2. The end-to-end tone recognition method based on the neural network as claimed in claim 1, wherein the tone decoding neural network is divided into two parts: tone representation networks and label-dependent tone classification networks;

the tone representation network maps the predicted fundamental frequency value sequence into a vector with fixed dimensionality according to each syllable;

the tone classification network predicts the tone type of the current syllable based on the tone label predicted for the last syllable and the fixed dimensional vector of the current syllable.
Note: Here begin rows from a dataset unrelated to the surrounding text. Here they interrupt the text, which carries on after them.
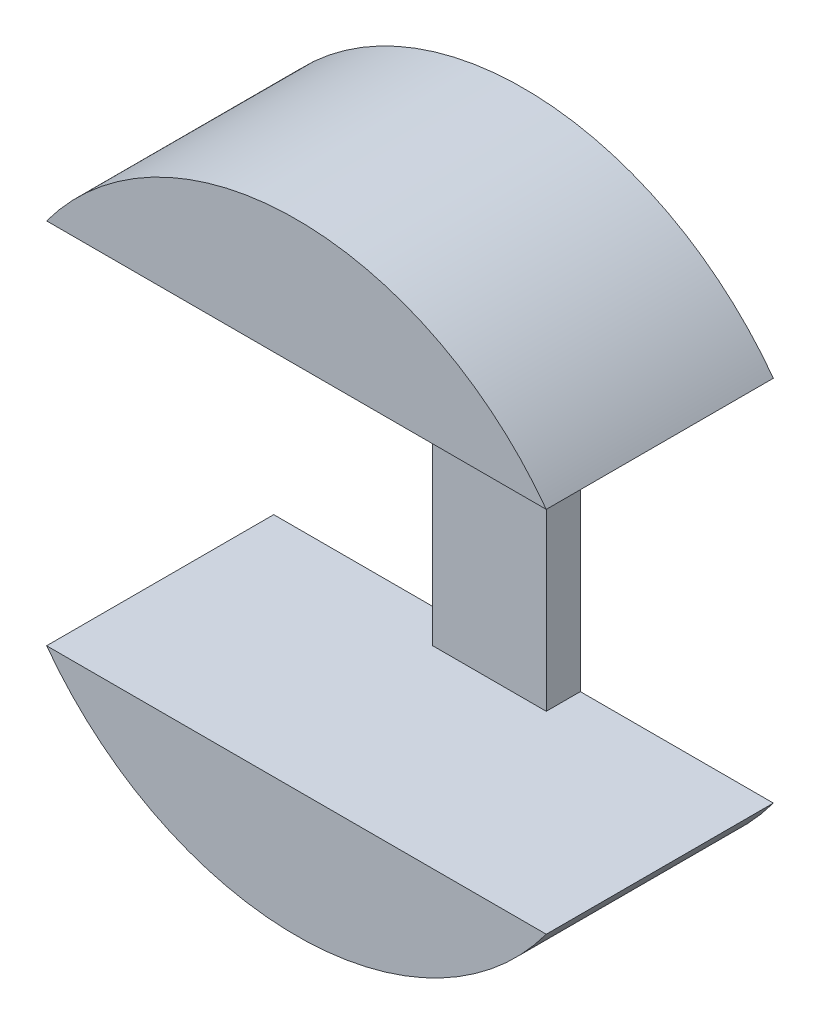
SolidWorks part; units mm, degrees
material "ABS"
ref_plane "Спереди" through (0, 0, 0) normal (0, 0, 1) x (1, 0, 0)
ref_plane "Сверху" through (0, 0, 0) normal (0, 1, 0) x (1, 0, 0)
ref_plane "Справа" through (0, 0, 0) normal (1, 0, 0) x (0, 0, -1)
ref_axis "Ось1" through (0, 0, 50) along (0, 0, -1)
sketch "Эскиз2" plane through (0, 0, 0) normal (0, 0, 1) x (1, 0, 0)
  line L0 (-2.5, 8.1) -> (-11, 8.1)
  line L1 (-2.5, -8.1) -> (2.5, -8.1) construction
  line L2 (-2.5, -8.1) -> (-2.5, 8.1)
  line L3 (-2.5, 8.1) -> (2.5, 8.1) construction
  line L4 (2.5, -8.1) -> (2.5, 8.1)
  line L5 (-2.5, -8.1) -> (2.5, 8.1) construction
  line L6 (-2.5, 8.1) -> (2.5, -8.1) construction
  line L7 (2.5, 8.1) -> (11, 8.1)
  line L8 (-2.5, -8.1) -> (-11, -8.1)
  line L9 (2.5, -8.1) -> (11, -8.1)
  arc A0 (-11, 8.1) -> (11, 8.1) centre (0, 0) cw
  arc A1 (11, -8.1) -> (-11, -8.1) centre (0, 0) cw
  point P6 (11, -8.2)
  point P11 (-10.8301, -8.2)
  point P12 (-11, -8.2)
  dimension "D2" = 5
  dimension "D3" = 16.2
  dimension "D4" = 22
extrude "Бобышка-Вытянуть1" add sketch "Эскиз2" along normal blind 10
sketch "Эскиз3" plane through (0, 0, 10) normal (0, 0, 1) x (1, 0, 0)
  line L0 (2.5, -8.1) -> (2.5, 8.1) construction
  line L1 (2.5, -8.1) -> (-2.5, -8.1)
  line L2 (2.5, -8.1) -> (2.5, 8.1)
  line L3 (2.5, 8.1) -> (-2.5, 8.1)
  line L4 (-2.5, -8.1) -> (-2.5, 8.1)
  line L5 (11, -8.1) -> (2.5, -8.1) construction
  line L6 (2.5, 8.1) -> (11, 8.1) construction
  point P0 (0, 0)
  point P5 (2.5, 8.2)
  point P6 (-2.5, 8.2)
  point P8 (2.5, -8.2)
  point P11 (-2.5, -8.2)
  point P12 (2.5, -8.1)
  point P16 (-2.5, -8.1)
  point P17 (-2.5, -8.1)
  point P18 (-2.5, -8.1)
  point P20 (2.5, -8.1)
extrude "Вырез-Вытянуть1" cut sketch "Эскиз3" against normal offset from surface (8.5 mm away) 1.5 up to face at (0, 0, 0)

3. The end-to-end tone recognition method based on neural network as claimed in claim 2, wherein the tone classification network predicts the tone type of the current syllable according to the tone label predicted by the previous syllable and the fixed dimension vector of the current syllable, specifically:

firstly, according to the fixed dimension representation of the 1 st syllable, splicing with the fixed dimension corresponding to the beginning of a sentence, and sending the fixed dimension representation and the fixed dimension representation into a tone classification network to predict the tone type of the 1 st syllable;

converting the predicted tone type of the 1 st syllable into a corresponding tone label and then sending the corresponding tone label and the fixed dimension representation of the 2 nd syllable as combined input into a tone classification network to obtain the tone type of the 2 nd syllable;

this is repeated until the tone of the last syllable is predicted.